Even though the intricacies of the nervous system should be capable of getting round this objection, there remain sufficient other reasons why indulgence in verse of this character should be condemned. There can be no doubt whatever that the value of the experience which results from it is small. On a pleasure theory of value there might well be doubt, since those who do enjoy it certainly appear to enjoy it in a high degree. But on the theory here maintained, the fact that those who have passed through the stage of enjoying the Poems of Passion to that of enjoying the bulk of the contents of the Golden Treasury, for example, do not return, settles the matter. We must bear in mind, of course, the conditions which have to be satisfied before this test is conclusive. That a man who has passed through the stage of drinking nothing but beer to the stage of drinking nothing but brandy rarely returns, does not prove that brandy is the better drink. It merely proves that it is the more efficient intoxicant. We have to ask in applying the test what the responses in question are, and in the case of poetry they are so varied, so representative of all the activities of life, that actual universal preference on the part of those who have tried both kinds fairly is the same (on our view) as superiority in the value of one over the other. Keats, by universal qualified opinion, is a more efficient poet than Wilcox, and that is the same thing as saying that his works are more valuable.

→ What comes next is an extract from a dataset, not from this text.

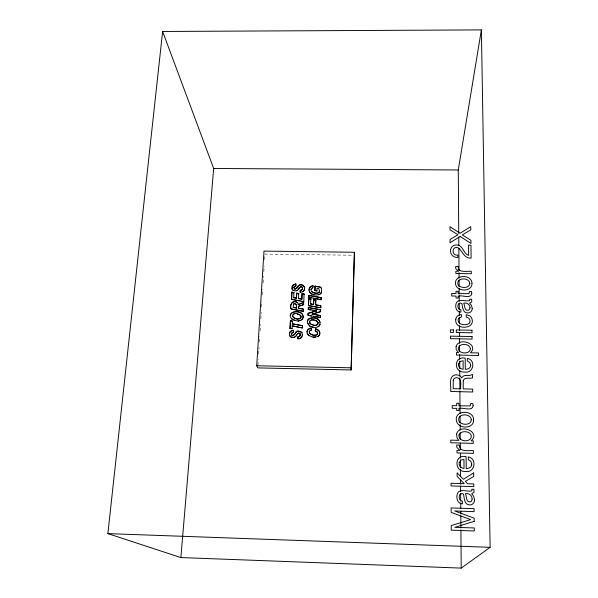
<?xml version="1.0" encoding="UTF-8"?>
<svg xmlns="http://www.w3.org/2000/svg" width="598" height="598" viewBox="0 0 598 598"><rect width="100%" height="100%" fill="white"/><g stroke="black" fill="none" stroke-linecap="round" stroke-linejoin="round"><path stroke-width="0.45" stroke-dasharray="2.99 2.24" d="M257.947 365.116L258.299 359.562M258.65 354.016L259.054 347.535M259.405 341.989L259.756 336.435M260.108 330.881L260.519 324.408M260.863 318.854L261.274 312.38M261.625 306.826L261.976 301.272M262.38 294.799L262.731 289.245M263.142 282.772L263.554 276.291M263.845 271.664L264.189 266.117M264.6 259.637L264.951 254.09L352.768 255.226"/><path stroke-width="0.9" d="M296.556 307.021L296.13 304.262L294.552 303.492L293.513 303.911L293.214 307.469L296.503 308.067L296.481 306.759L296.503 308.067M351.138 369.96L354.405 252.259L263.995 251.108L256.721 365.744L257.775 367.89L351.138 369.96L354.405 252.259M320.364 317.613L320.386 315.497L312.104 313.995L320.438 315.751L320.364 317.613L313.322 316.327M320.633 309.667L320.603 311.782L320.633 309.667L308.336 307.432L308.314 309.547L308.336 307.432M320.82 306.625L320.767 307.94L320.797 305.698L315.565 304.756L315.774 300.099L313.726 299.733L313.576 304.644L310.571 303.844L313.516 304.382M313.24 298.372L321.111 299.785L321.141 297.55L308.897 295.352L308.867 297.58L308.897 295.352M321.111 299.785L321.141 297.55M313.576 304.644L313.726 299.733M312.343 294.418C307.791 293.222 307.94 285.732 313.008 285.665C314.825 288.012 309.659 288.356 311.11 290.464C312.089 293.409 316.237 293.924 318.764 292.856L319.564 291.263L318.831 288.557L317.015 288.229L316.962 290.934L314.922 290.568L315.056 286.046L320.289 286.98C323.847 288.535 318.592 298.948 321.672 291.353M314.922 290.568L315.056 286.046M320.797 305.698L315.624 305.017L315.774 300.099M307.977 315.109L308.067 313.255L316.477 310.781L308.127 313.509L308.045 315.37L320.311 317.359M319.011 307.626L308.493 305.72L308.74 298.731L310.848 299.366L308.74 298.731M308.493 305.72L308.8 299M310.631 304.105L310.788 299.105M301.766 299.045L298.454 298.439L301.833 299.314L302.035 293.558L304.143 294.186L302.035 293.558M301.833 299.314L302.102 293.827M300.801 327.644L302.513 327.958L302.543 325.708L292.28 323.81L302.543 325.708M294.567 309.719L303.313 311.311L303.343 309.069L298.267 308.142L298.97 306.056L303.56 304.561L302.192 305.234M303.627 304.831L303.664 302.439C293.581 306.206 299.374 304.442 303.664 302.439M302.035 301.34L303.784 301.654L304.076 293.917M296.414 298.073L293.64 297.572L296.481 298.342L296.66 293.132L298.768 293.775L296.66 293.132M296.481 298.342L296.735 293.409M298.522 298.708L298.701 293.498M303.343 309.069L298.342 308.404L298.477 306.52M290.449 320.879L290.045 328.549L290.374 320.625L292.504 321.253L290.374 320.625M292.818 309.398C289.111 309.704 290.486 301.983 293.588 301.594C296.152 301.056 298.454 302.775 298.387 304.801M291.944 292.377L291.577 299.449L291.869 292.108L293.977 292.743L291.869 292.108M291.069 309.084C289.155 303.709 294.007 299.74 297.625 302.76M292.101 328.93L292.175 325.813L302.513 327.958M292.355 324.064L292.429 321.006M293.715 297.841L293.902 292.474M180.873 557.56L213.673 168.479L162.626 31.47L481.383 29.9L490.121 547.334L461.2 568.1L180.873 557.56L107.879 533.618L162.626 31.47M313.008 285.665L310.093 287.264L308.957 289.567M289.462 333.856C288.146 330.888 295.965 329.535 291.891 330.761C289.619 330.731 289.335 336.001 289.544 334.095M292.003 288.46L292.153 289.126L292.228 286.016L293.566 284.506L295.793 283.915L295.875 286.061C292.145 288.886 293.768 286.255 295.808 285.784L295.793 283.915M295.868 284.192L293.087 285.194L291.906 287.436M300.076 335.53L300.166 334.887L299.673 336.614L297.901 337.04L300.151 335.77M307.215 333.288C306.512 331.367 307.492 329.079 309.465 328.437C312.507 325.947 311.266 333.729 311.207 328.085M311.266 328.332L308.224 329.461L306.998 331.741M302.356 289.021C302.506 285.455 302.977 291.959 300.211 290.531L300.248 292.392L300.144 290.254L302.416 289.297M310.683 326.314C322.95 331.987 323.137 314.944 310.683 317.994C301.243 319.96 315.722 332.025 307.731 323.533M319.743 334.177C319.489 329.745 320.558 334.454 319.011 335.568C315.849 338.244 310.347 337.279 307.731 334.275M294.694 320.58C287.511 316.163 293.371 320.319 296.279 320.752C299.471 321.724 304.233 319.541 303.029 315.639M291.488 318.584C285.149 311.08 304.262 307.925 303.066 317.844M320.169 322.24C318.457 316.783 308.224 316.671 307.462 321.687M302.431 314.369C300.375 311.154 291.017 310.437 290.441 315.348M458.741 233.384L458.277 169.982L481.383 29.9M297.834 336.801L297.864 338.73C301.512 340.352 302.872 332.914 302.311 334.955M300.174 292.123C302.738 292.504 304.995 290.202 304.517 287.653M302.259 291.846C304.756 291.921 305.615 286.629 303.014 285.246C299.71 283.078 297.266 286.606 295.629 288.939C291.675 289.013 298.297 289.963 298.387 285.799C300.174 284.162 303.582 284.85 304.412 287.197M291.495 333.908C291.592 336.308 291.241 331.24 293.431 332.159M291.57 334.147L292.093 332.899L293.506 332.406L293.416 330.231M312.261 287.788L311.005 289.596M319.706 332.099L318.308 329.976L315.714 328.683L315.243 330.701L317.134 331.726L317.531 334.17C314.84 338.206 305.182 332.114 311.356 330.014M310.384 330.246L309.203 331.823M317.583 332.428L315.303 330.948L315.714 328.683M319.339 292.183L319.564 291.263M309.771 322.898L309.824 321.036C312.029 318.271 319.168 320.199 317.957 324.228L316.335 325.402L315.086 325.536L310.982 324.355L309.712 322.643L310.205 323.653M300.944 316.036L300.884 317.882C298.686 320.438 292.93 319.078 292.557 315.55L293.394 314.04L295.793 313.419L299.755 314.608L301.011 316.297L300.525 315.303M294.44 313.561L292.557 315.55M310.145 323.406C312.059 325.252 315.968 326.291 317.904 323.981L318.024 322.382M292.743 316.559C293.558 318.166 298.828 320.431 300.816 317.628L301.13 317.037M309.375 332.809C310.257 334.454 315.378 336.427 317.471 333.931L317.762 333.422M318.054 326.65L319.519 325.828L320.162 324.206M296.391 304.741L294.627 303.754L293.341 304.322M299.987 338.453L301.684 337.444L302.102 336.181M299.807 333.482L300.174 334.312L299.336 333.123L297.871 333.243L295.517 336.495L293.715 337.384L291.45 337.167L289.918 335.919L290.92 337.1L292.145 337.362M302.439 287.885L302.087 287.04C298.925 285.089 298.731 291.675 295.33 290.89C293.177 290.882 290.635 288.378 293.865 290.635M300.57 286.629L298.372 289.641M301.781 319.758L302.79 318.577M317.613 336.554L318.45 336.36L319.459 334.917M295.98 331.905C296.167 335.164 289.484 335.65 292.803 335.74C295.24 335.097 295.464 330.799 298.566 331.232C307.596 335.418 297.057 328.362 296.055 332.144M296.032 336.113L296.914 334.865M311.565 291.54L313.345 292.557L316.379 293.102L317.747 292.983L319.287 291.914M293.715 337.384L294.478 337.444L295.517 336.495M309.106 290.927C310.736 295.016 316.776 296.1 320.311 293.91M300.749 305.645L298.97 306.056M312.104 313.995L320.55 311.521M312.163 314.249L319.758 312.029M299.882 333.721L298.267 333.049M297.976 321.163L299.015 320.857M213.673 168.479L458.277 169.982M256.721 365.744L350.862 367.807M107.879 533.618L490.121 547.334M312.918 337.16L315.572 337.033M314.309 320.162L311.476 319.893M315.109 286.322L320.341 287.257L320.864 287.855M314.869 290.292L316.962 290.934M308.957 295.621L321.193 297.819M308.807 297.318L321.059 299.516M309.742 297.744L311.491 298.058M313.778 300.002L315.826 300.368M291.503 299.179L303.784 301.654M292.444 299.605L300.293 301.018M308.426 305.458L320.715 307.678M308.396 307.693L320.685 309.921M308.247 309.286L316.477 310.781M309.226 309.712L311.05 310.048M312.881 310.377L316.536 311.042M290.994 308.822L303.313 311.311M309.801 315.692L311.565 316.006M296.429 307.806L293.214 307.469M299.097 327.33L292.175 325.813M289.97 328.302L292.026 328.683M302.087 287.04L301.011 286.569M311.752 326.949L313.419 327.368M297.281 313.838L300.592 315.557M312.978 294.627L314.249 295.038M315.774 328.93L319.339 331.18M315.699 320.588L318.076 322.636M308.83 335.598L307.148 333.049M294.268 288.909L293.902 287.481M291.547 334.611L291.861 335.336M301.788 332.697L302.349 334.364M292.078 288.849L292.429 289.709M289.993 336.158L289.484 334.626M297.438 333.721L297.871 333.243M300.032 320.64L300.951 320.281M296.772 290.658L297.363 290.366M309.592 321.888L309.824 321.036M318.57 294.747L319.504 294.403M300.099 334.073L300.233 335.134M297.901 337.04L297.939 338.961M458.771 237.114L458.83 245.501M458.853 248.297L459.017 270.677M459.025 272.539L459.07 278.137M459.085 279.999L459.129 286.524M459.144 288.393L459.189 293.984M459.197 295.853L459.242 301.444M459.257 303.306L459.301 309.839M459.316 311.7L459.346 315.43M459.354 317.291L459.406 323.817M459.421 325.686L459.451 330.35M459.466 332.211L459.496 335.941M459.518 338.737L459.548 343.401M459.563 345.263L459.608 351.788M459.63 354.592L459.668 359.249M459.683 361.117L459.735 368.577M459.75 370.439L459.787 376.03M459.802 377.899L459.884 389.089M459.899 390.95L460.064 413.33M460.086 416.126L460.131 422.651M460.146 424.513L460.183 430.112M460.206 432.907L460.251 439.433M460.281 443.163L460.333 449.689M460.355 453.419L460.393 458.083M460.408 459.944L460.46 467.404M460.475 469.273L460.527 476.726M460.55 479.529L460.58 484.186M460.595 486.054L460.639 491.646M460.654 493.514L460.707 500.967M460.722 502.836L460.759 508.427M460.781 511.223L460.804 514.026M460.819 515.887L460.909 528.012M460.916 529.873L461.2 568.1M459.503 445.57C459.309 452.499 469.303 450.219 473.384 450.66L473.414 453.381L456.999 452.91L456.984 450.331L459.817 450.414L456.894 447.446L456.663 445.054L459.563 445.129L459.503 445.57M458.24 267.007C458.232 273.361 467.591 270.812 471.269 271.328L471.299 273.735L455.885 273.51L455.87 271.23L458.531 271.268L455.788 268.689L455.571 266.573L458.3 266.611L458.24 267.007M463.241 380.829L463.211 388.887L472.659 389.111L472.689 391.996L450.66 391.473C451.535 386.547 447.999 377.151 454.749 374.991C457.418 374.445 460.475 375.372 461.746 377.929C463.345 373.892 468.421 376.351 471.516 374.931L472.487 374.393L472.525 377.899C469.602 379.035 464.153 376.605 463.241 380.829M455.803 319.28C454.039 330.918 477.182 329.274 471.463 317.755A5.397 5.053 12.9 0 0 468.944 315.49L466.246 314.72L466.268 317.127C468.518 317.441 470.566 319.437 469.961 321.829A3.244 3.042 13 0 1 468.473 323.817C464.863 325.82 456.737 324.602 458.307 319.011L459.017 318.001L461.417 317.037L461.394 314.63C458.703 314.623 455.99 316.424 455.803 319.28M474.52 499.816C474.73 502.529 472.427 505.168 469.639 504.944C464.205 504.899 464.295 498.014 463.547 494.21L461.925 493.485L459.862 494.434C458.621 496.811 459.062 501.049 462.389 501.221L462.411 503.852C457.664 503.987 456.154 498.328 457.134 494.539C458.389 488.02 466.754 491.706 471 491.055L471.889 490.622L471.852 489.231L473.915 489.299L473.975 492.468L471.68 493.731L473.653 496.25L474.52 499.816M472.233 308.404C472.405 310.908 470.155 313.128 467.658 312.956C462.785 313.098 462.568 307.058 461.962 303.62L460.445 303.007L458.509 303.866C457.291 305.989 457.881 309.764 460.879 309.786L460.894 312.089C456.67 312.358 454.966 307.439 455.96 303.986C457.455 297.826 465.506 301.87 469.594 300.615L469.736 299.157L471.673 299.187L471.725 301.968L469.58 303.104L471.426 305.286L472.233 308.404M450.645 249.523C449.517 253.978 453.456 257.902 457.889 257.454L457.874 255.047C451.303 256.348 451.684 245.307 458.18 247.796C462.695 251.033 464.055 258.799 471.119 258.089L470.962 245.173L468.54 245.143L468.653 255.406C463.45 253.821 463.345 246.084 457.784 245.023C454.742 244.403 451.056 246.219 450.645 249.523M471.725 464.13C472.031 467.143 468.839 468.705 466.231 468.548L466.119 456.595C453.845 454.106 454.091 472.375 465.685 471.486C474.932 473.205 477.339 458.494 468.301 456.887L468.324 459.57L470.888 461.372L471.725 464.13M453.277 380.328L453.209 388.655L460.722 388.835C460.086 385.62 462.411 379.005 457.791 377.839C455.93 377.398 453.531 378.175 453.277 380.328M473.616 420.11C473.803 427.577 463.413 428.841 458.786 424.819A6.757 6.473 27.8 0 1 456.483 420.932C453.904 409.667 474.154 409.428 473.616 420.11M470.619 365.154C470.895 368.047 467.771 369.429 465.304 369.317L465.199 358.15C453.434 355.788 453.546 373.04 464.781 372.061C473.579 373.765 476.098 359.817 467.307 358.404L467.337 360.915L469.811 362.582L470.619 365.154M471.979 283.601C471.979 290.561 462.261 291.547 457.844 288.019A6.391 5.928 9.2 0 1 455.654 284.506C453.419 274.205 472.248 273.847 471.979 283.601M456.588 434.096L457.104 438.192L458.905 440.352L450.787 440.128L450.795 442.752L473.295 443.38L473.265 440.883L471.172 440.831C481.368 431.666 459.219 423.137 456.588 434.096M471.261 419.796C471.291 424.999 463.966 425.066 460.632 423.04A3.745 3.588 27.7 0 1 458.83 420.581C457.096 413.151 471.164 413.136 471.261 419.796M469.736 283.34C469.654 288.199 462.77 288.124 459.608 286.39A3.543 3.282 9.2 0 1 457.881 284.17C456.401 277.36 469.49 277.255 469.736 283.34M459.227 462.508C458.412 465.513 461.058 468.331 464.026 468.406L463.943 459.339L461.08 460.034L459.227 462.508M456.087 346.653L456.199 349.501L458.554 352.611L456.453 352.566L456.468 355.04L478.602 355.496L478.564 352.955L470.454 352.783C479.439 344.052 458.778 336.539 456.087 346.653M458.539 363.726C457.747 366.596 460.385 369.168 463.173 369.198L463.106 360.729L460.333 361.394L458.539 363.726M459.017 434.91C457.859 441.384 469.004 442.901 471.157 437.639C472.741 431.098 460.946 429.536 459.017 434.91M470.394 348.754C470.11 355.122 456.894 353.874 458.457 347.303C460.542 342.931 469.766 343.491 470.394 348.754M472.128 499.083L471.456 501.176L470.626 501.812C465.655 502.933 466.941 496.407 465.423 493.671C468.899 492.916 472.3 495.443 472.128 499.083M473.108 405.623C472.48 412.022 462.583 407.014 458.943 408.441L458.958 410.564L456.737 410.512L456.723 408.382L452.223 408.27L452.208 405.608L456.708 405.713L456.693 403.216L458.905 403.269L458.92 405.773L470.163 405.907L470.686 403.56L472.831 403.613L473.108 405.623M471.777 293.379C471.06 299.396 461.656 294.657 458.158 296.092L458.173 298.058L456.042 298.021L456.027 296.055L451.699 295.988L451.684 293.521L456.012 293.588L455.997 291.278L458.128 291.316L458.143 293.625L468.952 293.67L469.452 291.488L471.508 291.525L471.777 293.379M469.998 307.791L469.363 309.629L468.585 310.198C464.108 311.356 465.072 305.593 463.719 303.126C466.791 302.439 470.125 304.419 469.998 307.791M460.168 236.449L450.04 242.743L450.032 239.499L457.971 234.722L449.988 229.819L449.973 226.762L460.146 233.242L470.746 226.672L470.783 229.864L462.269 234.902L470.91 240.291L470.947 243.423L460.168 236.449M473.646 472.951L463.36 479.29L457.126 472.801L457.149 476.329L464.235 483.662L451.042 483.251L451.049 485.92L473.803 486.63L473.773 483.954L467.546 483.76L465.386 481.368L473.683 476.479L473.646 472.951M474.214 521.321L454.831 527.354L474.289 527.937L474.326 530.964L451.236 530.164L451.213 525.642L470.633 519.617L451.161 512.359L451.146 507.926L474.065 508.681L474.102 511.656L454.742 510.954L474.177 518.204L474.214 521.321M453.396 329.894L450.406 329.842L450.414 332.383L453.404 332.443L453.396 329.894M471.964 330.246L456.311 329.954L456.326 332.495L471.994 332.794L471.964 330.246M472.039 336.554L450.429 336.143L450.444 338.655L472.069 339.073L472.039 336.554"/></g></svg>

The influence is also exerted in more indirect ways. There need be, we must remember, no discernible connection or resemblance whatever between the experience due to the work of art and the alter behaviour and experience which is modified through it. Without such resemblance the influence may easily be overlooked or denied, but not by anyone who has sufficient conception of the ways in which attitudes develop. No one who has repeatedly lived through experiences at the level of discrimination and co-ordination presupposed by the greater writers, can ever, when fully 'vigilant', be contented with ordinary crudities, though a touch of liver may of course suspend these superior responses. and conversely, keen and vigilant enjoyment of Miss Dell, Mr Burroughs, Mrs Wilcox or Mr Hutchinson, when untouched by doubts or the joys of ironic contemplation, is likely to have as a consequence not only an acceptance of the mediocre in ordinary life, but a blurring and confusion of impulses and a very widespread loss of value.
These remarks apply even more evidently to the Cinema. People do not much imitate what they see upon the screen or what they read of in best-sellers. It would matter little if they did. Such effects would show themselves clearly and the evil would be of a manageable kind.